Значение этих открытий заключается в установленном факте, что фрески в церкви Преображения Господня были написаны в 1379 году греком по имени Феофан, который известен в России как Грек, точно так же, как Доменикос Теотокопулос известен в Испании. В жизни этих художников, греков в изгнании, наблюдаются любопытные параллели. Оба были известны как философы. Пользовались славой, которая присуща людям с сильным характером и творческой смелостью. Феофан, как известно, презирал религиозные каноны и иконографические догматы. Он писал по вдохновению или с натуры и изобразил на стене виды Москвы[220]
точно так же, как Теотокопулос изобразил виды Толедо[221]. В одной из летописей того времени сохранилась миниатюра, на которой мы видим его за работой, окруженного толпой зевак. В 1405 году он уехал из Новгорода в Москву, где расписывал различные церкви. Среди них был Благовещенский собор в Кремле. Он работал здесь вместе с Рублёвым, который, таким образом, на раннем этапе карьеры попал под прямое влияние византийского мастера. Ту малую часть работы Феофана, которая еще была видна, я не смог увидеть из-за ярости менады, отвечающей за церковь, в которой она находилась. Профессор Анисимов, прежде чем его постигла участь, уготованная мятежным интеллектуалам при царе, и его сослали в неизвестном направлении в Сибирь, высказал мнение о том, что фрески в церкви святого Феодора Стратилата, датируемые примерно 1370 годом, с достаточной вероятностью можно рассматривать как работу этого русского Греко. Предположение подкрепляется тем, что все надписи сделаны на греческом языке, в отличие от надписей в Нередице и Волотово, которые перемежаются буквами кириллицы. Однако подтвердить это окончательно можно только после завершения реставрации церкви Преображения Господня.Войдя в церковь Святого Феодора Стратилата и еще не осознавая вышеприведенных фактов, я мысленно воскликнул: «Вот Византия!» — и, конечно, эта живопись, с совершенной техникой и подлинным духом греческого Возрождения, может сравниться с картинами самой Мистры. И всё же, несмотря на явное византийское влияние, в ней также присутствует дух русского танца. Здесь, по сути, в первый и последний раз перед окончательным расхождением, полностью достигнуто слияние местного гения со средиземноморской способностью к интеллектуальному трехмерному рисунку.

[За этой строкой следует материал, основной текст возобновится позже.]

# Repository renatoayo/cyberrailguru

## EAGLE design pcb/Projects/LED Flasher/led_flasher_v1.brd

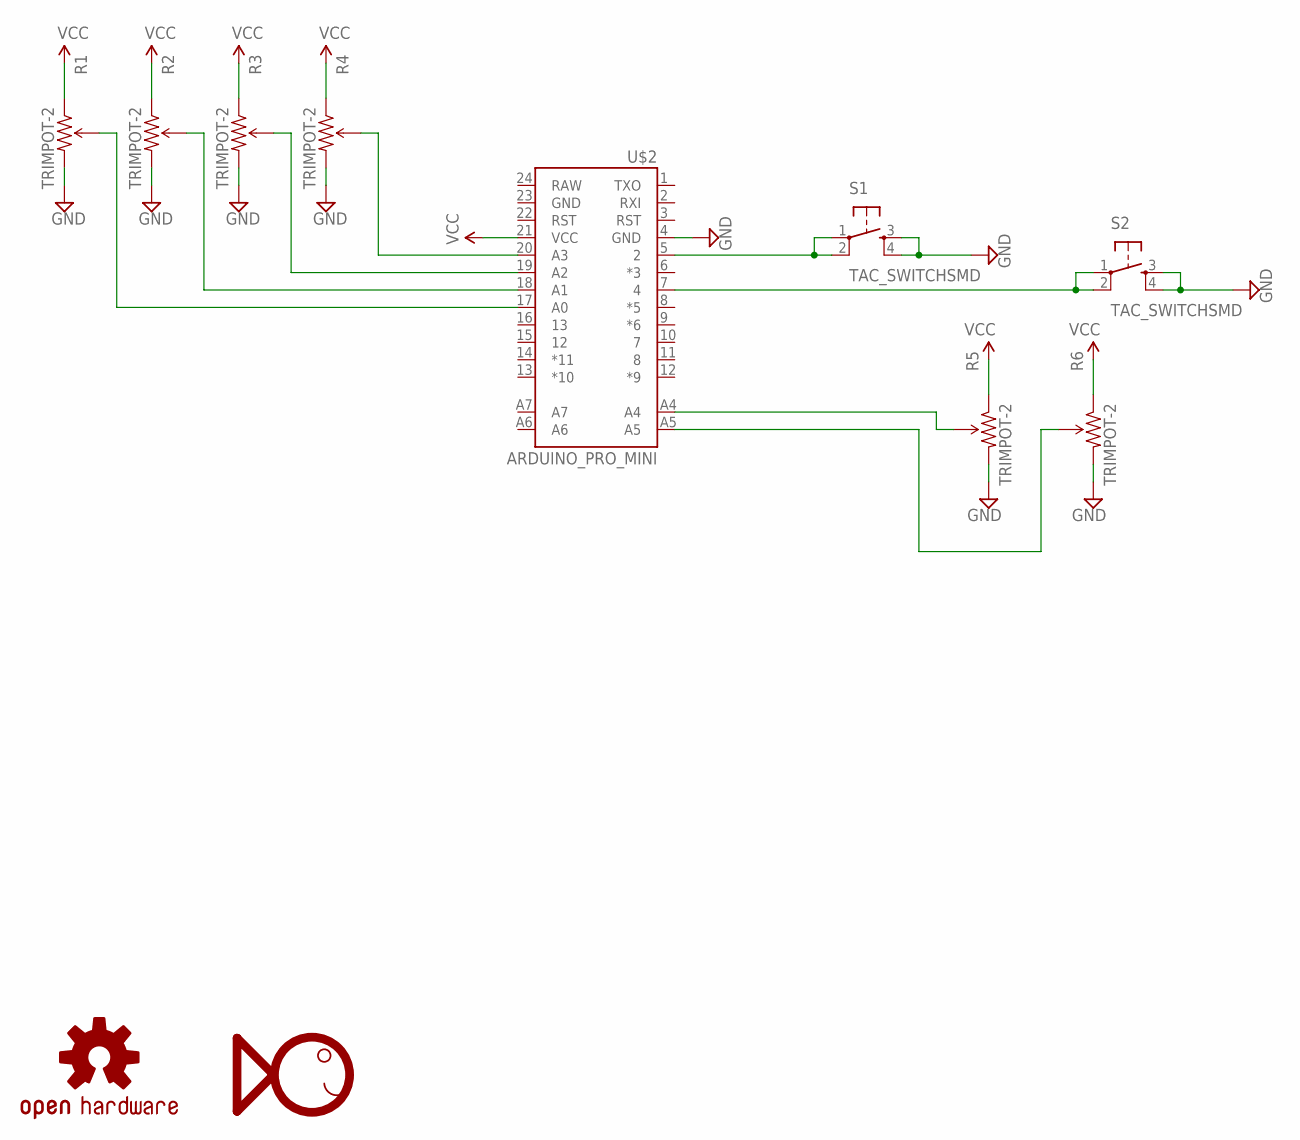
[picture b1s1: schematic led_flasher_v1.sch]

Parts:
LOGO1: OSHW-LOGOS; OSHW-LOGO-S
R1, R2, R3, R4, R5, R6: TRIMPOT-2; TRIMPOT_TC33
S1, S2: TAC_SWITCHSMD; TACTILE-SWITCH-SMD
U$1: FHI_LOGO
U$2: ARDUINO_PRO_MINI

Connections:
GND: R1.3 (CW), R2.3 (CW), R3.3 (CW), R4.3 (CW), R5.3 (CW), R6.3 (CW), S1.3, S1.4, S2.3, S2.4, U$2.4 (GND)
unnamed: R4.2 (WIPER), U$2.20 (A3)
unnamed: R5.2 (WIPER), U$2.A4
unnamed: R6.2 (WIPER), U$2.A5
unnamed: R1.2 (WIPER), U$2.17 (A0)
unnamed: R2.2 (WIPER), U$2.18 (A1)
unnamed: R3.2 (WIPER), U$2.19 (A2)
unnamed: S2.1, S2.2, U$2.7 (4)
unnamed: S1.1, S1.2, U$2.5 (2)
VCC: R1.1 (CCW), R2.1 (CCW), R3.1 (CCW), R4.1 (CCW), R5.1 (CCW), R6.1 (CCW), U$2.21 (VCC)

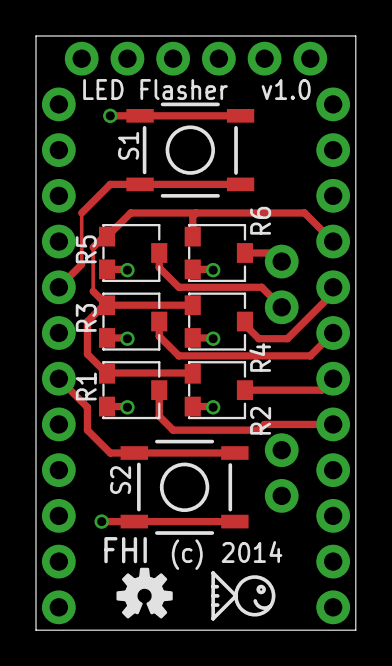
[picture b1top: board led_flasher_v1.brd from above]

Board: 2 copper layers, 17.8 x 33.0 mm, 11 parts (0 on the bottom side), 10 nets.

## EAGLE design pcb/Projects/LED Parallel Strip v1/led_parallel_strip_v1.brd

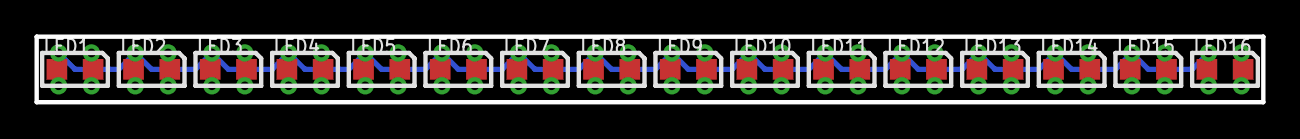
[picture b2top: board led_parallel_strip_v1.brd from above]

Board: 2 copper layers, 71.1 x 3.8 mm, 81 parts (1 on the bottom side), 17 nets.

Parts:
LED1, LED2, LED3, LED4, LED5, LED6, LED7, LED8, LED9, LED10, LED11, LED12, LED13, LED14, LED15, LED16: LED_0805
TP3, TP4, TP5, TP6, TP7, TP8, TP9, TP10, TP11, TP12, TP13, TP14, TP15, TP16, TP17, TP18, TP19, TP20, TP21, TP22, TP23, TP24, TP25, TP26, TP27, TP28, TP29, TP30, TP31, TP32, TP33, TP34: VHS; P1-20
TP37, TP38, TP39, TP41, TP42, TP43, TP44, TP45, TP46, TP47, TP48, TP49, TP50, TP51, TP52, TP53, TP54, TP55, TP56, TP57, TP58, TP59, TP60, TP61, TP62, TP63, TP64, TP65, TP66, TP67, TP68: VLS; P1-20
TP40: VIN; P1-20
U$1: FHI_LOGO

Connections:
VHS1: LED1.C, TP3.TP, TP4.TP
VHS2: LED2.C, TP5.TP, TP6.TP
VHS3: LED3.C, TP7.TP, TP8.TP
VHS4: LED4.C, TP9.TP, TP10.TP
VHS5: LED5.C, TP11.TP, TP12.TP
VHS6: LED6.C, TP13.TP, TP14.TP
VHS7: LED7.C, TP15.TP, TP16.TP
VHS8: LED8.C, TP17.TP, TP18.TP
VHS9: LED9.C, TP19.TP, TP20.TP
VHS10: LED10.C, TP21.TP, TP22.TP
VHS11: LED11.C, TP23.TP, TP24.TP
VHS12: LED12.C, TP25.TP, TP26.TP
VHS13: LED13.C, TP27.TP, TP28.TP
VHS14: LED14.C, TP29.TP, TP30.TP
VHS15: LED15.C, TP31.TP, TP32.TP
VHS16: LED16.C, TP33.TP, TP34.TP
VLS: LED1.A, LED2.A, LED3.A, LED4.A, LED5.A, LED6.A, LED7.A, LED8.A, LED9.A, LED10.A, LED11.A, LED12.A, LED13.A, LED14.A, LED15.A, LED16.A, TP37.TP, TP38.TP, TP39.TP, TP40.TP, TP41.TP, TP42.TP, TP43.TP, TP44.TP, TP45.TP, TP46.TP, TP47.TP, TP48.TP, TP49.TP, TP50.TP, TP51.TP, TP52.TP, TP53.TP, TP54.TP, TP55.TP, TP56.TP, TP57.TP, TP58.TP, TP59.TP, TP60.TP, TP61.TP, TP62.TP, TP63.TP, TP64.TP, TP65.TP, TP66.TP, TP67.TP, TP68.TP

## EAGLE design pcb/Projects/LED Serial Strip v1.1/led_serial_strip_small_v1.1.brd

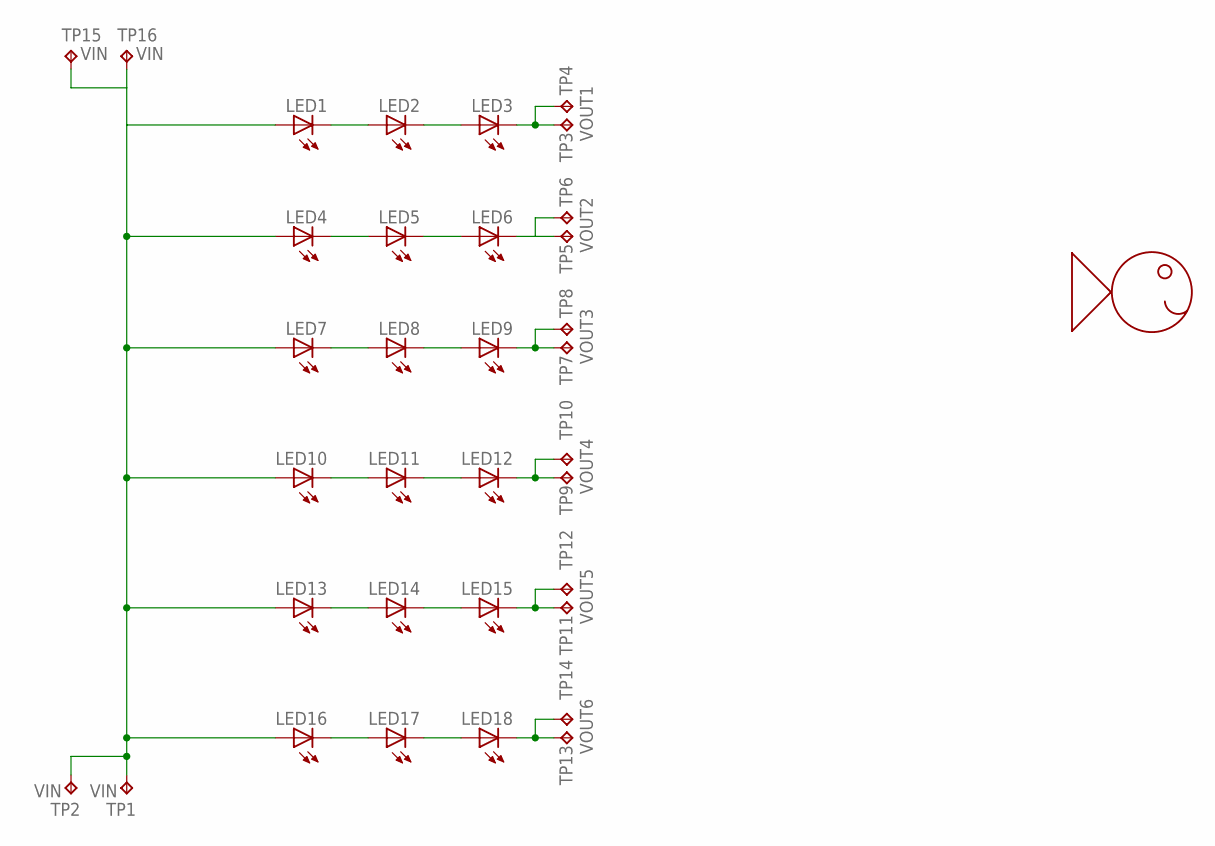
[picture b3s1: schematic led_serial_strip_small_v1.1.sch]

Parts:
LED1, LED2, LED3, LED4, LED5, LED6, LED7, LED8, LED9, LED10, LED11, LED12, LED13, LED14, LED15, LED16, LED17, LED18: LED0805; LED_0805
TP1, TP2, TP15, TP16: VIN; P1-20
TP3, TP4: VOUT1; P1-20
TP5, TP6: VOUT2; P1-20
TP7, TP8: VOUT3; P1-20
TP9, TP10: VOUT4; P1-20
TP11, TP12: VOUT5; P1-20
TP13, TP14: VOUT6; P1-20
U$1: FHI_LOGO

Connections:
unnamed: LED1.C, LED2.A
unnamed: LED2.C, LED3.A
unnamed: LED10.C, LED11.A
unnamed: LED11.C, LED12.A
unnamed: LED8.C, LED9.A
unnamed: LED5.C, LED6.A
unnamed: LED4.C, LED5.A
unnamed: LED7.C, LED8.A
unnamed: LED12.C, TP9.TP, TP10.TP
unnamed: LED16.C, LED17.A
unnamed: LED17.C, LED18.A
unnamed: LED14.C, LED15.A
unnamed: LED13.C, LED14.A
VIN: LED1.A, LED4.A, LED7.A, LED10.A, LED13.A, LED16.A, TP1.TP, TP2.TP, TP15.TP, TP16.TP
VOUT1: LED3.C, TP3.TP, TP4.TP
VOUT2: LED6.C, TP5.TP, TP6.TP
VOUT3: LED9.C, TP7.TP, TP8.TP
VOUT5: LED15.C, TP11.TP, TP12.TP
VOUT6: LED18.C, TP13.TP, TP14.TP

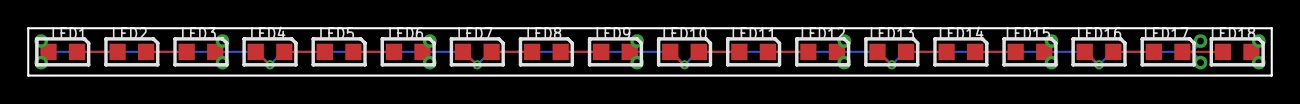
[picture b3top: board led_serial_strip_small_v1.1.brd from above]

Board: 2 copper layers, 91.4 x 3.5 mm, 35 parts (1 on the bottom side), 19 nets.

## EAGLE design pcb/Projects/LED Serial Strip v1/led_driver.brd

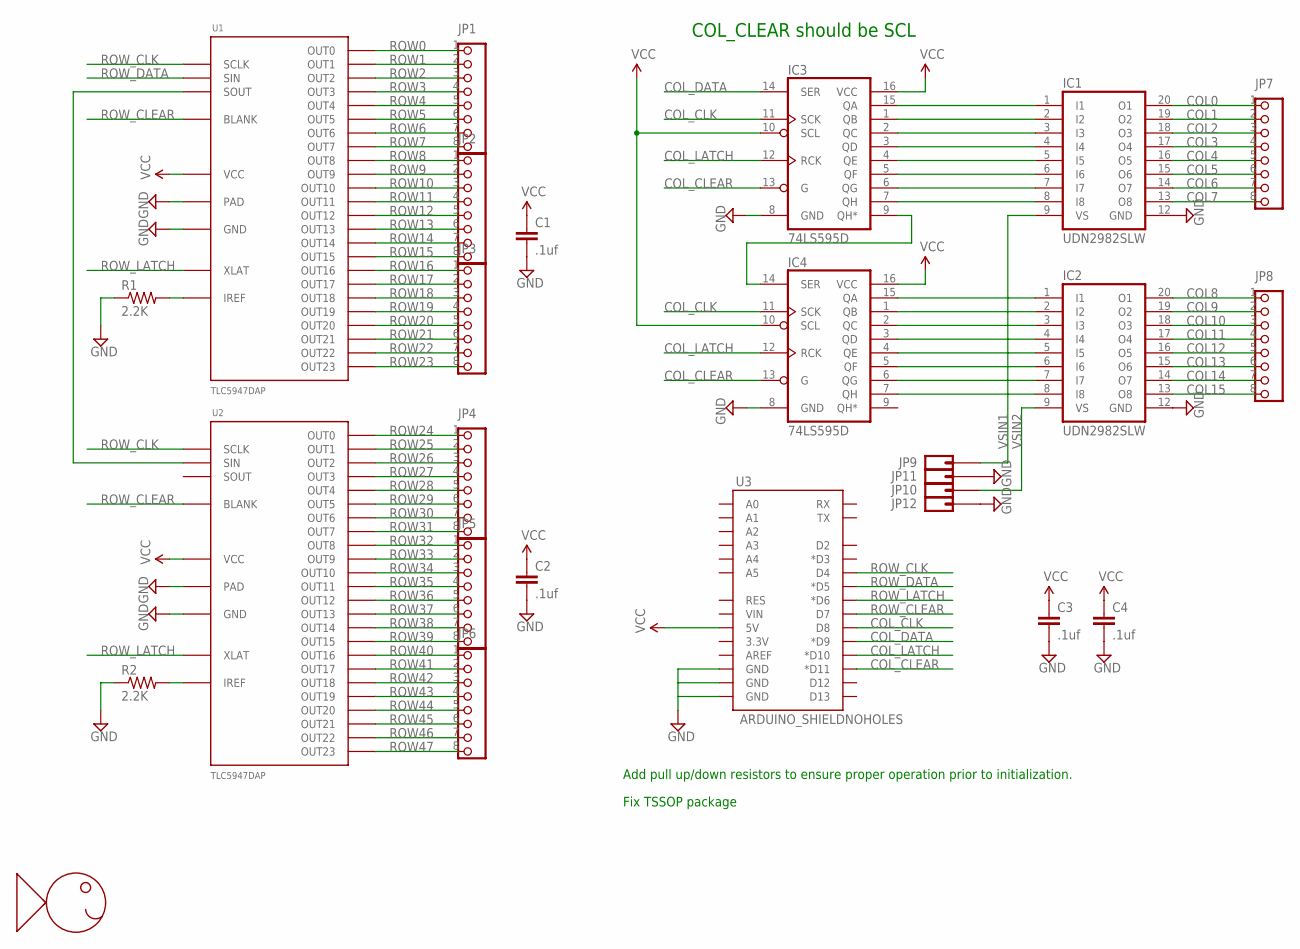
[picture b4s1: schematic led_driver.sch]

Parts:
C1, C2, C3, C4: .1uf; 0603-CAP
IC1, IC2: UDN2982SLW; SO20W
IC3, IC4: 74LS595D; SO16
JP1, JP2, JP3, JP4, JP5, JP6, JP7, JP8: PINHD-1X8; 1X08
JP9, JP10, JP11, JP12: HEADER_01PTH; 1X01
R1, R2: 2.2K; 0603-RES
U1, U2: TLC5947DAP; HTSSOP32DAP
U3: ARDUINO_SHIELDNOHOLES; DUEMILANOVE_SHIELD_NOHOLES
U$1: FHI_LOGO

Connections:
COL0: IC1.20 (O1), JP7.1
COL1: IC1.19 (O2), JP7.2
COL2: IC1.18 (O3), JP7.3
COL3: IC1.17 (O4), JP7.4
COL4: IC1.16 (O5), JP7.5
COL5: IC1.15 (O6), JP7.6
COL6: IC1.14 (O7), JP7.7
COL7: IC1.13 (O8), JP7.8
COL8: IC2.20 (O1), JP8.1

Краски, пропитанные тем неосязаемым намеком на внутренний свет, присущий византийскому шедевру, взяты из той же палитры, что и в Периблептосе в Мистре (конец XIV века). В ней представлен спектр жемчужины: розовый, бежевый, винно-красный, голубой «любовь в тумане», ярко-серый и белый. Последние два в сочетании предвещают развитие поздней критской школы и ее главного цветка — Эль Греко. Прекрасна композиция цикла «Сошествие во ад» в западной апсиде. Здесь подвижный Христос, с распростертыми в театральном жесте руками, обрамлен, за исключением отставленной ноги, круговой аурой из двух оттенков серого, окружающих белую землю, — тройной аурой безмолвных размышлений. По обе стороны в мольбе встают из могил ветхозаветные цари-праведники, а над аурой группа ангелов утверждает крест.
Хотя в чисто греческой иконографии такой техники не было, в переплетенной симметрии и гармонии композиции тем не менее заметно греческое влияние. Изящное подчеркивание телесных контуров незаметными белыми штрихами также свойственно грекам, особенно когда штрихи наносятся на выпуклости лба, по носу и под глазами в манере мастера по мозаике. Это прослеживается во всей росписи церкви. В верхней части купола архангелы, одетые в царские облачения, со сферами в руках, чередующиеся с шестикрылыми херувимами, напоминают об искусстве греческого двора золотого века. В то же время свободные и грациозные движения солдат в белых одеждах в «Шествии на Голгофу» в сочетании с архитектурным фоном в западной перспективе указывают на рост нового гуманизма, совпадающего с итальянским, который достиг своего апогея в Пантанассе в Мистре в 1428 году. Фрески храма Святого Феодора Стратилата, по сути, представляют собой промежуточное звено между Периблептосом и Пантанассой, а в некоторых отношениях между мистрской и критской школами, звено, памятников которому в самой Греции нет. Тем временем развитие русской традиции продолжается. Компоновка росписей более свободная, фигуры менее статичные, чем в Греции; а в красках, помимо присущего им света, скрывается намек на тот перламутровый блеск, славу которого спустя четыре десятилетия приберегли для Рублёва.